→ Data items:
_ _ _ _ _ _ _

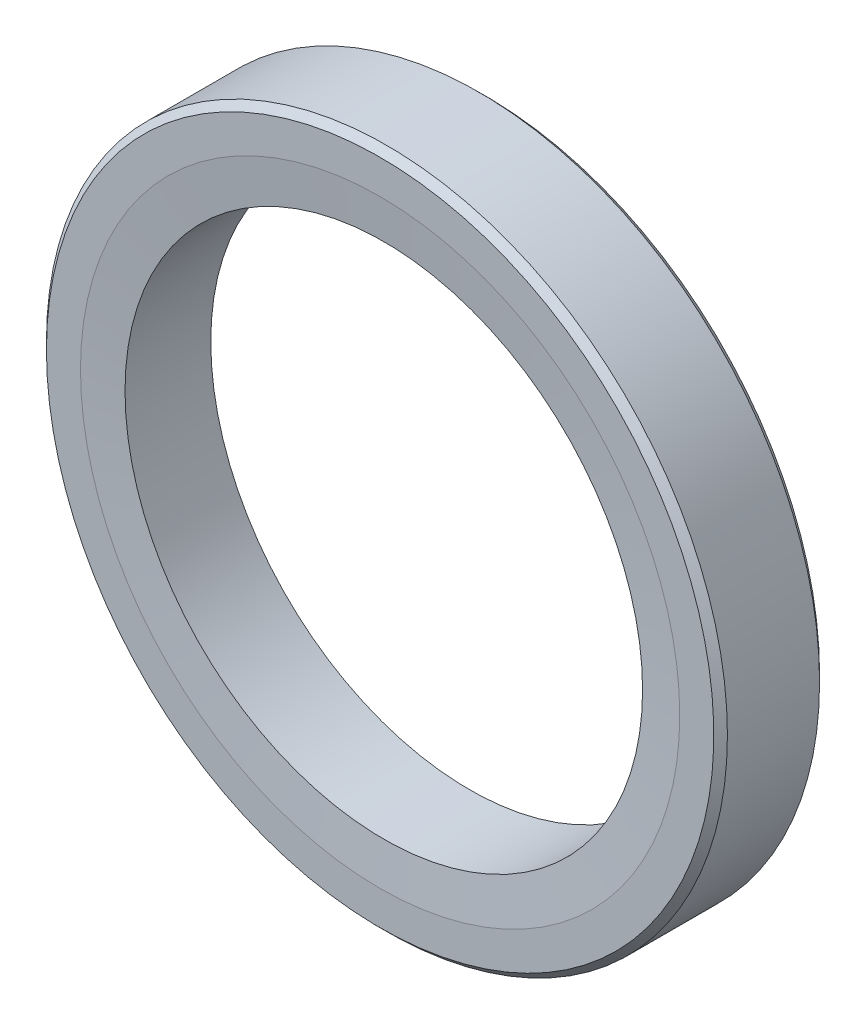
ISO-10303-21;
HEADER;
FILE_DESCRIPTION(('STEP AP214'),'2;1');
FILE_NAME('part.step','',(''),(''),'','','');
FILE_SCHEMA(('AUTOMOTIVE_DESIGN { 1 0 10303 214 1 1 1 1 }'));
ENDSEC;
DATA;
#1=APPLICATION_CONTEXT('core data for automotive mechanical design processes');
#2=APPLICATION_PROTOCOL_DEFINITION('international standard','automotive_design',2000,#1);
#3=PRODUCT_CONTEXT('',#1,'mechanical');
#4=PRODUCT('Part','Part','',(#3));
#5=PRODUCT_RELATED_PRODUCT_CATEGORY('part','',(#4));
#6=PRODUCT_DEFINITION_FORMATION('','',#4);
#7=PRODUCT_DEFINITION_CONTEXT('part definition',#1,'design');
#8=PRODUCT_DEFINITION('design','',#6,#7);
#9=PRODUCT_DEFINITION_SHAPE('','',#8);
#10=(LENGTH_UNIT() NAMED_UNIT(*) SI_UNIT(.MILLI.,.METRE.));
#11=(NAMED_UNIT(*) PLANE_ANGLE_UNIT() SI_UNIT($,.RADIAN.));
#12=(NAMED_UNIT(*) SI_UNIT($,.STERADIAN.) SOLID_ANGLE_UNIT());
#13=UNCERTAINTY_MEASURE_WITH_UNIT(LENGTH_MEASURE(1.E-05),#10,'distance_accuracy_value','');
#14=(GEOMETRIC_REPRESENTATION_CONTEXT(3) GLOBAL_UNCERTAINTY_ASSIGNED_CONTEXT((#13)) GLOBAL_UNIT_ASSIGNED_CONTEXT((#10,
#11,#12)) REPRESENTATION_CONTEXT('',''));
#15=CARTESIAN_POINT('',(0.,0.,0.));
#16=DIRECTION('',(0.,0.,1.));
#17=DIRECTION('',(1.,0.,0.));
#18=AXIS2_PLACEMENT_3D('',#15,#16,#17);
#19=CARTESIAN_POINT('',(0.,25.,3.88315));
#20=DIRECTION('',(0.,0.,-1.));
#21=DIRECTION('',(-1.,0.,0.));
#22=AXIS2_PLACEMENT_3D('',#19,#20,#21);
#23=PLANE('',#22);
#24=CARTESIAN_POINT('',(0.,0.,3.88315));
#25=DIRECTION('',(0.,0.,-1.));
#26=DIRECTION('',(-1.,0.,0.));
#27=AXIS2_PLACEMENT_3D('',#24,#25,#26);
#28=CIRCLE('',#27,24.5);
#29=CARTESIAN_POINT('',(-24.5,0.,3.88315));
#30=VERTEX_POINT('',#29);
#31=EDGE_CURVE('E10',#30,#30,#28,.F.);
#32=ORIENTED_EDGE('',*,*,#31,.T.);
#33=EDGE_LOOP('',(#32));
#34=FACE_BOUND('',#33,.T.);
#35=CARTESIAN_POINT('',(0.,0.,3.88315));
#36=DIRECTION('',(0.,0.,1.));
#37=DIRECTION('',(1.,0.,0.));
#38=AXIS2_PLACEMENT_3D('',#35,#36,#37);
#39=CIRCLE('',#38,22.);
#40=CARTESIAN_POINT('',(22.,0.,3.88315));
#41=VERTEX_POINT('',#40);
#42=EDGE_CURVE('E60',#41,#41,#39,.T.);
#43=ORIENTED_EDGE('',*,*,#42,.F.);
#44=EDGE_LOOP('',(#43));
#45=FACE_BOUND('',#44,.T.);
#46=ADVANCED_FACE('F34',(#34,#45),#23,.F.);
#47=CARTESIAN_POINT('',(0.,0.,3.88315));
#48=DIRECTION('',(0.,0.,1.));
#49=DIRECTION('',(1.,0.,0.));
#50=AXIS2_PLACEMENT_3D('',#47,#48,#49);
#51=CONICAL_SURFACE('',#50,22.,1.48090281630125);
#52=CARTESIAN_POINT('',(0.,0.,3.61274069742881));
#53=DIRECTION('',(0.,0.,1.));
#54=DIRECTION('',(1.,0.,0.));
#55=AXIS2_PLACEMENT_3D('',#52,#53,#54);
#56=CIRCLE('',#55,19.);
#57=CARTESIAN_POINT('',(19.,0.,3.61274069742881));
#58=VERTEX_POINT('',#57);
#59=EDGE_CURVE('E63',#58,#58,#56,.T.);
#60=ORIENTED_EDGE('',*,*,#59,.F.);
#61=EDGE_LOOP('',(#60));
#62=FACE_BOUND('',#61,.T.);
#63=ORIENTED_EDGE('',*,*,#42,.T.);
#64=EDGE_LOOP('',(#63));
#65=FACE_BOUND('',#64,.T.);
#66=ADVANCED_FACE('F86',(#62,#65),#51,.F.);
#67=CARTESIAN_POINT('',(0.,0.,4.95));
#68=DIRECTION('',(0.,0.,1.));
#69=DIRECTION('',(1.,0.,0.));
#70=AXIS2_PLACEMENT_3D('',#67,#68,#69);
#71=CYLINDRICAL_SURFACE('',#70,19.);
#72=CARTESIAN_POINT('',(0.,0.,-2.68260530721657));
#73=DIRECTION('',(0.,0.,1.));
#74=DIRECTION('',(1.,0.,0.));
#75=AXIS2_PLACEMENT_3D('',#72,#73,#74);
#76=CIRCLE('',#75,19.);
#77=CARTESIAN_POINT('',(19.,0.,-2.68260530721657));
#78=VERTEX_POINT('',#77);
#79=EDGE_CURVE('E67',#78,#78,#76,.T.);
#80=ORIENTED_EDGE('',*,*,#79,.F.);
#81=EDGE_LOOP('',(#80));
#82=FACE_BOUND('',#81,.T.);
#83=ORIENTED_EDGE('',*,*,#59,.T.);
#84=EDGE_LOOP('',(#83));
#85=FACE_BOUND('',#84,.T.);
#86=ADVANCED_FACE('F80',(#82,#85),#71,.F.);
#87=CARTESIAN_POINT('',(0.,0.,-2.68260530721657));
#88=DIRECTION('',(0.,0.,-1.));
#89=DIRECTION('',(-1.,0.,0.));
#90=AXIS2_PLACEMENT_3D('',#87,#88,#89);
#91=CONICAL_SURFACE('',#90,19.,1.19013343856793);
#92=CARTESIAN_POINT('',(0.,0.,-3.88315));
#93=DIRECTION('',(0.,0.,1.));
#94=DIRECTION('',(1.,0.,0.));
#95=AXIS2_PLACEMENT_3D('',#92,#93,#94);
#96=CIRCLE('',#95,22.);
#97=CARTESIAN_POINT('',(22.,0.,-3.88315));
#98=VERTEX_POINT('',#97);
#99=EDGE_CURVE('E70',#98,#98,#96,.T.);
#100=ORIENTED_EDGE('',*,*,#99,.F.);
#101=EDGE_LOOP('',(#100));
#102=FACE_BOUND('',#101,.T.);
#103=ORIENTED_EDGE('',*,*,#79,.T.);
#104=EDGE_LOOP('',(#103));
#105=FACE_BOUND('',#104,.T.);
#106=ADVANCED_FACE('F77',(#102,#105),#91,.F.);
#107=CARTESIAN_POINT('',(0.,25.,-3.88315));
#108=DIRECTION('',(0.,0.,1.));
#109=DIRECTION('',(1.,0.,0.));
#110=AXIS2_PLACEMENT_3D('',#107,#108,#109);
#111=PLANE('',#110);
#112=CARTESIAN_POINT('',(0.,0.,-3.88315));
#113=DIRECTION('',(0.,0.,1.));
#114=DIRECTION('',(1.,0.,0.));
#115=AXIS2_PLACEMENT_3D('',#112,#113,#114);
#116=CIRCLE('',#115,24.5);
#117=CARTESIAN_POINT('',(24.5,0.,-3.88315));
#118=VERTEX_POINT('',#117);
#119=EDGE_CURVE('E42',#118,#118,#116,.F.);
#120=ORIENTED_EDGE('',*,*,#119,.T.);
#121=EDGE_LOOP('',(#120));
#122=FACE_BOUND('',#121,.T.);
#123=ORIENTED_EDGE('',*,*,#99,.T.);
#124=EDGE_LOOP('',(#123));
#125=FACE_BOUND('',#124,.T.);
#126=ADVANCED_FACE('F75',(#122,#125),#111,.F.);
#127=CARTESIAN_POINT('',(0.,0.,4.95));
#128=DIRECTION('',(0.,0.,1.));
#129=DIRECTION('',(1.,0.,0.));
#130=AXIS2_PLACEMENT_3D('',#127,#128,#129);
#131=CYLINDRICAL_SURFACE('',#130,25.);
#132=CARTESIAN_POINT('',(0.,0.,-3.38315));
#133=DIRECTION('',(0.,0.,1.));
#134=DIRECTION('',(1.,0.,0.));
#135=AXIS2_PLACEMENT_3D('',#132,#133,#134);
#136=CIRCLE('',#135,25.);
#137=CARTESIAN_POINT('',(25.,0.,-3.38315));
#138=VERTEX_POINT('',#137);
#139=EDGE_CURVE('E48',#138,#138,#136,.T.);
#140=ORIENTED_EDGE('',*,*,#139,.T.);
#141=EDGE_LOOP('',(#140));
#142=FACE_BOUND('',#141,.T.);
#143=CARTESIAN_POINT('',(0.,0.,3.38314999999999));
#144=DIRECTION('',(0.,0.,-1.));
#145=DIRECTION('',(-1.,0.,0.));
#146=AXIS2_PLACEMENT_3D('',#143,#144,#145);
#147=CIRCLE('',#146,25.);
#148=CARTESIAN_POINT('',(-25.,0.,3.38314999999999));
#149=VERTEX_POINT('',#148);
#150=EDGE_CURVE('E54',#149,#149,#147,.T.);
#151=ORIENTED_EDGE('',*,*,#150,.T.);
#152=EDGE_LOOP('',(#151));
#153=FACE_BOUND('',#152,.T.);
#154=ADVANCED_FACE('F101',(#142,#153),#131,.T.);
#155=CARTESIAN_POINT('',(0.,0.,-3.38315));
#156=DIRECTION('',(0.,0.,1.));
#157=DIRECTION('',(1.,0.,0.));
#158=AXIS2_PLACEMENT_3D('',#155,#156,#157);
#159=CONICAL_SURFACE('',#158,25.,0.785398163397452);
#160=ORIENTED_EDGE('',*,*,#119,.F.);
#161=EDGE_LOOP('',(#160));
#162=FACE_BOUND('',#161,.T.);
#163=ORIENTED_EDGE('',*,*,#139,.F.);
#164=EDGE_LOOP('',(#163));
#165=FACE_BOUND('',#164,.T.);
#166=ADVANCED_FACE('F99',(#162,#165),#159,.T.);
#167=CARTESIAN_POINT('',(0.,0.,3.88315));
#168=DIRECTION('',(0.,0.,-1.));
#169=DIRECTION('',(-1.,0.,0.));
#170=AXIS2_PLACEMENT_3D('',#167,#168,#169);
#171=CONICAL_SURFACE('',#170,24.5,0.785398163397438);
#172=ORIENTED_EDGE('',*,*,#150,.F.);
#173=EDGE_LOOP('',(#172));
#174=FACE_BOUND('',#173,.T.);
#175=ORIENTED_EDGE('',*,*,#31,.F.);
#176=EDGE_LOOP('',(#175));
#177=FACE_BOUND('',#176,.T.);
#178=ADVANCED_FACE('F36',(#174,#177),#171,.T.);
#179=CLOSED_SHELL('',(#46,#66,#86,#106,#126,#154,#166,#178));
#180=MANIFOLD_SOLID_BREP('B2',#179);
#181=ADVANCED_BREP_SHAPE_REPRESENTATION('',(#18,#180),#14);
#182=SHAPE_DEFINITION_REPRESENTATION(#9,#181);
ENDSEC;
END-ISO-10303-21;

_ _ _ _ _ _ _

→ Exercise: Take the line above containing "#85=FACE_BOUND('',#84,.T.);", the line containing "#94=DIRECTION('',(1.,0.,0.));", and all lines in between, and copy them exactly without anything else.

→ Result:
#85=FACE_BOUND('',#84,.T.);
#86=ADVANCED_FACE('F80',(#82,#85),#71,.F.);
#87=CARTESIAN_POINT('',(0.,0.,-2.68260530721657));
#88=DIRECTION('',(0.,0.,-1.));
#89=DIRECTION('',(-1.,0.,0.));
#90=AXIS2_PLACEMENT_3D('',#87,#88,#89);
#91=CONICAL_SURFACE('',#90,19.,1.19013343856793);
#92=CARTESIAN_POINT('',(0.,0.,-3.88315));
#93=DIRECTION('',(0.,0.,1.));
#94=DIRECTION('',(1.,0.,0.));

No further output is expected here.